Final answer:
a. The work done by gravity on the load is -3427.5 joules.
b and c. The work done by the tension in the rope and by the person is 3427.5 joules each, assuming no other forces are at work.
Step-by-step explanation:
The question pertains to work done by various forces when a person pulls a heavy load using a frictionless pulley.
(a) The work done on the load by gravity is calculated by the formula Work = Force x Distance x cos(θ).
Since the direction of the gravitational force is directly downwards and the displacement is upwards, θ = 180 degrees, and cos(θ) = -1 (since cos(180) = -1).
The force due to gravity (weight) is mass x gravitational acceleration (W = mg).
So, Work by gravity = mg x distance x (-1).
Here, m = 37 kg, g = 9.8 m/s² (standard gravity), and distance = 7.5 m. Thus, Work by gravity = 37 kg x 9.8 m/s² x 7.5 m x (-1) = -3427.5 J.
The work by gravity is negative because gravity is acting in the opposite direction of the displacement.
(b) Since the tension of the rope acts upwards and the load is moved upwards at a constant velocity, the tension in the rope is equal to the weight of the load.

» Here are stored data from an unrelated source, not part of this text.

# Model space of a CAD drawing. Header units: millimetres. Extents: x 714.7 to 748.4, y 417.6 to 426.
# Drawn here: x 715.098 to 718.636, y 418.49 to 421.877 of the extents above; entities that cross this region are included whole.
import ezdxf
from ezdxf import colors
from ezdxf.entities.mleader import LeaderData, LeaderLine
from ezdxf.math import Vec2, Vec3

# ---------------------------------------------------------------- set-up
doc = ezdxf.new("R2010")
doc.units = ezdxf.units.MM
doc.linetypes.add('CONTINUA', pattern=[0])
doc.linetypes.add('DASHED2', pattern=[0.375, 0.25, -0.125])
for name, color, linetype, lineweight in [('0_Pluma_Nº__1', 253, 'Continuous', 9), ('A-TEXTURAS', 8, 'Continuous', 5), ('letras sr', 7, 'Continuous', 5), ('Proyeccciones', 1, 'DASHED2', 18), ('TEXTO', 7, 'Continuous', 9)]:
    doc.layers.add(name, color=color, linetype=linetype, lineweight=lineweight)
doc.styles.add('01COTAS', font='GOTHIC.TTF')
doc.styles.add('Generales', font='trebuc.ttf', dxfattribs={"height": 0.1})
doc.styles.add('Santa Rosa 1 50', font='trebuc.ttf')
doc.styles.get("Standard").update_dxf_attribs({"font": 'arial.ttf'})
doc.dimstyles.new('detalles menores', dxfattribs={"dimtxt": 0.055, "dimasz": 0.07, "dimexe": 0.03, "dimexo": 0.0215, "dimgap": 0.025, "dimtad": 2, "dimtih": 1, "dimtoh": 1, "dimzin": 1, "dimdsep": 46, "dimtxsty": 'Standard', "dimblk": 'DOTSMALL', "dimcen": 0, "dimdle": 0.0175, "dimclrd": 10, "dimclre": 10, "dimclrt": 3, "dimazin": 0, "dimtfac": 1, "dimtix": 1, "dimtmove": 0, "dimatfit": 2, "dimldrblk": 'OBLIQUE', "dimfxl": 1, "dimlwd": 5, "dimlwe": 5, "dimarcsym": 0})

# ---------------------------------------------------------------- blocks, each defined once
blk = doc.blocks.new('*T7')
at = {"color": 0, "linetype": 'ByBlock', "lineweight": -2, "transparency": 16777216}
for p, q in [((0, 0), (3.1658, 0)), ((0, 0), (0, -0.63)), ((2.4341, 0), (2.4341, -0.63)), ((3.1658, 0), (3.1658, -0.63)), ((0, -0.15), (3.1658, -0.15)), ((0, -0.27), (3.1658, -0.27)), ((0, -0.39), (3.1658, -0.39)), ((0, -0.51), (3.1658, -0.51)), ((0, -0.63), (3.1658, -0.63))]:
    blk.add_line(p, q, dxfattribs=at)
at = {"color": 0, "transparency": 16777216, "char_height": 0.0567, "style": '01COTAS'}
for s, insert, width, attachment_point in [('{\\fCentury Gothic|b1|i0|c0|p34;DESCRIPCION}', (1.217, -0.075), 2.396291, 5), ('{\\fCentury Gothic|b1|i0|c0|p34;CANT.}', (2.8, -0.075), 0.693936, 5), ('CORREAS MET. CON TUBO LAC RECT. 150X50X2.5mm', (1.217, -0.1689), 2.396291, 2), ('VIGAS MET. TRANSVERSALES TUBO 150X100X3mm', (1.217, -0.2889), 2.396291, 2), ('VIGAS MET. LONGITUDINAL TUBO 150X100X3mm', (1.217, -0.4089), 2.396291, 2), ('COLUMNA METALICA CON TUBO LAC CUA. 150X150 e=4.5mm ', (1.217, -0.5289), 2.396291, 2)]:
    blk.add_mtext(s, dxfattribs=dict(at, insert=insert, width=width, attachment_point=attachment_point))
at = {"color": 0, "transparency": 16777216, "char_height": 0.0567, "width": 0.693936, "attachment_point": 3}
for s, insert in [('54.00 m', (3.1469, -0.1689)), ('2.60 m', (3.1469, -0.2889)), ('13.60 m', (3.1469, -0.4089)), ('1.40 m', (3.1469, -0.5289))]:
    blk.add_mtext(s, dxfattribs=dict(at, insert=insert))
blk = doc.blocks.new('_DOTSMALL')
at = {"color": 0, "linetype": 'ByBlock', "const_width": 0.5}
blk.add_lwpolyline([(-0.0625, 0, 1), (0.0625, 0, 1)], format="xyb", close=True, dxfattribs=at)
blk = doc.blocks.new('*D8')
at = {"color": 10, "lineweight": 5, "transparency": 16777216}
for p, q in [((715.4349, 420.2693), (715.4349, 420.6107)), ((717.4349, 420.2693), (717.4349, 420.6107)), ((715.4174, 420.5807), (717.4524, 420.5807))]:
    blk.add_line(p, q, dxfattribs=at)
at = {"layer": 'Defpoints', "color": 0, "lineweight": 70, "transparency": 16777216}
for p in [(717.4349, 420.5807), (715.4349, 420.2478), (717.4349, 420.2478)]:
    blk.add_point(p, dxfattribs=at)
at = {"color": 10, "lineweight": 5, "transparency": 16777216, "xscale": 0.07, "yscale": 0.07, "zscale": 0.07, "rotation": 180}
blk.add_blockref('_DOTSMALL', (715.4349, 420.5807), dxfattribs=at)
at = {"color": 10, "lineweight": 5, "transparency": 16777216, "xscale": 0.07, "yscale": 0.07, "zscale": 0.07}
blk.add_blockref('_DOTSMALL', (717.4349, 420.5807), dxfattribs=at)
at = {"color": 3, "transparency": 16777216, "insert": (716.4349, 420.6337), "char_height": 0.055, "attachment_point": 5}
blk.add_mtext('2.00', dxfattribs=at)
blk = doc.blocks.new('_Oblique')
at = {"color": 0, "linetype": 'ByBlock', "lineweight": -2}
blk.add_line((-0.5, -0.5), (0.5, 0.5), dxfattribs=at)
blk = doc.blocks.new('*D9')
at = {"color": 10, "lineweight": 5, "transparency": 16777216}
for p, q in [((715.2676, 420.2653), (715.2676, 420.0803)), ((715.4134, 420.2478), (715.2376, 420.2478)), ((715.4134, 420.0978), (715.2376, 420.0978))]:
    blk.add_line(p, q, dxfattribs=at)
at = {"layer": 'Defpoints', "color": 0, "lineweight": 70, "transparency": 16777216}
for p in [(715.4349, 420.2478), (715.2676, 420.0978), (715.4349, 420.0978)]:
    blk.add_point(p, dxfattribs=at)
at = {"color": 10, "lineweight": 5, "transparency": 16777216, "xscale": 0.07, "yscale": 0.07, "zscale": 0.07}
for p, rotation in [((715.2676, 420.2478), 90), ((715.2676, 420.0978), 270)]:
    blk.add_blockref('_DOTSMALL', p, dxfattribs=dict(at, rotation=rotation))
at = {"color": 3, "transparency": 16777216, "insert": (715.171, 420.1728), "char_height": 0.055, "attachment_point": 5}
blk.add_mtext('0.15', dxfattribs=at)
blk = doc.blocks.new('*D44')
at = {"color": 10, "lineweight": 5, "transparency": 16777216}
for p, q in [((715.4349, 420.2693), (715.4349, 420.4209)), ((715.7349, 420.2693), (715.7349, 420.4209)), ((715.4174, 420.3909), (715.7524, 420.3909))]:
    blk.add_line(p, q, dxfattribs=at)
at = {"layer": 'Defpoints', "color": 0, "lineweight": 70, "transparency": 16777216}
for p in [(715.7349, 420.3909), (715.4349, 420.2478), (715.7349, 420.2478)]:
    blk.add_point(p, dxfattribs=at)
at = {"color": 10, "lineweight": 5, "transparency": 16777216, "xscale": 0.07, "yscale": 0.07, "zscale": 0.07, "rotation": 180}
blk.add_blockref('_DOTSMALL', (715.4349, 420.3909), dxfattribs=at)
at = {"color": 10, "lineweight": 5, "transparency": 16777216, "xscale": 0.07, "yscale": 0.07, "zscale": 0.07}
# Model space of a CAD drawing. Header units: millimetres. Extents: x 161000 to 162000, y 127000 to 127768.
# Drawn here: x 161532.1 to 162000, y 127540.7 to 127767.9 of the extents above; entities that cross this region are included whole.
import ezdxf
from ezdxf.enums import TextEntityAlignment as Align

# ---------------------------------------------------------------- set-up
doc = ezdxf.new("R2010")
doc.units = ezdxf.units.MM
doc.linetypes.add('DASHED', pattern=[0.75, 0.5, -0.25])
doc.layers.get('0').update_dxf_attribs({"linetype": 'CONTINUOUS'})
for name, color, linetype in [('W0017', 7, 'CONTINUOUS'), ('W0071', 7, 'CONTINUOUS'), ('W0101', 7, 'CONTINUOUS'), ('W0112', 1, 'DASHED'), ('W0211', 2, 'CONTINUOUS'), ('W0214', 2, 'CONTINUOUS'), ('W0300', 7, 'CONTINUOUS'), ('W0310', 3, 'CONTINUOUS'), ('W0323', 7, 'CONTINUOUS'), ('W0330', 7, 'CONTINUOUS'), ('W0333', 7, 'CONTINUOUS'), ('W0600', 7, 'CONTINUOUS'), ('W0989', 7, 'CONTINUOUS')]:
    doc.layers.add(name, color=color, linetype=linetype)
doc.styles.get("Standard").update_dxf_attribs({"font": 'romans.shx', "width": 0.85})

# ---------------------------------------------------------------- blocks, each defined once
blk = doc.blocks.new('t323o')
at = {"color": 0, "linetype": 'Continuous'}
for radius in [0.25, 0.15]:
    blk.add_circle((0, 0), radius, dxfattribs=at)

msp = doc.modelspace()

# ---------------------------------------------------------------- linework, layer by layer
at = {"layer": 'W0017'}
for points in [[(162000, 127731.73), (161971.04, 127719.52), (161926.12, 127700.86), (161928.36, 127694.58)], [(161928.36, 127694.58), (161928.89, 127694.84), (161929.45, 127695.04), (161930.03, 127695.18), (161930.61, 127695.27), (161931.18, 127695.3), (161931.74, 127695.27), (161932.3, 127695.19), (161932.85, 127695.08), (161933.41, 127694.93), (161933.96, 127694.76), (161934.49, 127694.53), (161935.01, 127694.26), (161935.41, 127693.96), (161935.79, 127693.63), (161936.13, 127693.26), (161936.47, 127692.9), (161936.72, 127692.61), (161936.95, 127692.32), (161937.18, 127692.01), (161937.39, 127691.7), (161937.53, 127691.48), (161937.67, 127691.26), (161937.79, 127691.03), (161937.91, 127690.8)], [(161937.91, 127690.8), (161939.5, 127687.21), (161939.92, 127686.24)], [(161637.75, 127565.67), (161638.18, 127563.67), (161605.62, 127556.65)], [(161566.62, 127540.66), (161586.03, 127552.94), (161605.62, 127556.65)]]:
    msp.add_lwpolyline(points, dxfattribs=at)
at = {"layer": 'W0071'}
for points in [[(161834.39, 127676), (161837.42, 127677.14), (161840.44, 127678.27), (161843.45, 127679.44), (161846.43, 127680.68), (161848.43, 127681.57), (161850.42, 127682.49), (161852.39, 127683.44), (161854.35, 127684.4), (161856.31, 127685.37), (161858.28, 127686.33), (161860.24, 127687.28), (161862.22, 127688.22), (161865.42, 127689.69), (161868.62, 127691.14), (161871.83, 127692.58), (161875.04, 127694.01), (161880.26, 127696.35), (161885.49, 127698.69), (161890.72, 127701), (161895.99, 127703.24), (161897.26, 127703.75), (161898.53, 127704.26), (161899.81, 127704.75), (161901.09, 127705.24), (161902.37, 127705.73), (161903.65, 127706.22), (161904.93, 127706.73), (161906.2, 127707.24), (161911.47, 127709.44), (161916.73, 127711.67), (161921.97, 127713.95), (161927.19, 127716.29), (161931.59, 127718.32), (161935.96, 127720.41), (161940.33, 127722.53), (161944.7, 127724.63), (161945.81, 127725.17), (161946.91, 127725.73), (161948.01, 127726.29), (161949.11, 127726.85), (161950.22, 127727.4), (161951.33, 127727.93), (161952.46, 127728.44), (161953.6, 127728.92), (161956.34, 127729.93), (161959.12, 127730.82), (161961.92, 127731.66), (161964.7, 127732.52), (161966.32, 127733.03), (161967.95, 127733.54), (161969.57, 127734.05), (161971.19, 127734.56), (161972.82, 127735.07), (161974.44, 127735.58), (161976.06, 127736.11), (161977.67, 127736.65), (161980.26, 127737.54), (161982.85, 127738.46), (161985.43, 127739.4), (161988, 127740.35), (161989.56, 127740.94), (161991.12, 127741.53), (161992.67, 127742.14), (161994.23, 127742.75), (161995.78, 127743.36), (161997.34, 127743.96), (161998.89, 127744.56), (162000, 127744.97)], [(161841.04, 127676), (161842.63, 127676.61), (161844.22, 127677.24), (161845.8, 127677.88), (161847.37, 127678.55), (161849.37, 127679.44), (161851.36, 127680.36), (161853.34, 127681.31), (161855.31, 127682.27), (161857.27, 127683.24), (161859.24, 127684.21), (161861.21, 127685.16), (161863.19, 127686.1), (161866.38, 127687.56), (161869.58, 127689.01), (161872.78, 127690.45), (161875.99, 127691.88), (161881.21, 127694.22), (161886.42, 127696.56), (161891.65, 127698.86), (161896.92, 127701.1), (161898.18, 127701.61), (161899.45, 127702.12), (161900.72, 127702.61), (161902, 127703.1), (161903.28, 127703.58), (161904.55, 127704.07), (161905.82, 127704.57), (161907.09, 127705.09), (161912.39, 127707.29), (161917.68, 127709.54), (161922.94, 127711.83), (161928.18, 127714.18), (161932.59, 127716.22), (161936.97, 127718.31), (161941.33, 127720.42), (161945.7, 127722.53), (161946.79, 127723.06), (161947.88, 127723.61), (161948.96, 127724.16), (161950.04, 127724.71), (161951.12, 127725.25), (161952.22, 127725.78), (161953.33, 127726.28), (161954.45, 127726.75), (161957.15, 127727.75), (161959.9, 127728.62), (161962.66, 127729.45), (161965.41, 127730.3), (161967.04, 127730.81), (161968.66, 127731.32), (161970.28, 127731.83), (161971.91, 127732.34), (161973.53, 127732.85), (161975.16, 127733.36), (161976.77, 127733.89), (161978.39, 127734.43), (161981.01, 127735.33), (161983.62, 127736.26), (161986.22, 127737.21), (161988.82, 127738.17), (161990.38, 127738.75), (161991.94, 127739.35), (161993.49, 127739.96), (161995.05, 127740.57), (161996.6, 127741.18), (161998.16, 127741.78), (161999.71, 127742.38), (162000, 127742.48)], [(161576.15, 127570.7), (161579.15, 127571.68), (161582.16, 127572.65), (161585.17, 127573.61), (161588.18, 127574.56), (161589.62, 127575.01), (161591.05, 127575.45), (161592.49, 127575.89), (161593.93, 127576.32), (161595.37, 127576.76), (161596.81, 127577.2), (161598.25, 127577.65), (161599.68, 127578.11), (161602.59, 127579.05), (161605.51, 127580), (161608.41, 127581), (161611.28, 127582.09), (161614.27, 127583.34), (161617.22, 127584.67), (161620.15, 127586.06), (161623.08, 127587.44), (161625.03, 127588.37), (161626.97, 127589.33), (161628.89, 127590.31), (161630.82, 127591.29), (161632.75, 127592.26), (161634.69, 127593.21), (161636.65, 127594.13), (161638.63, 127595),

Therefore, the work done by the tension will be equal to the magnitude of the work done by gravity but it will be positive because the tension force and the displacement are in the same direction. Work by tension = 3427.5 J.
(c) The work done by the person will be equal to the work done by the tension since the person is applying this force through the rope, assuming no other forces like friction are at play. So, Work by person = 3427.5 J.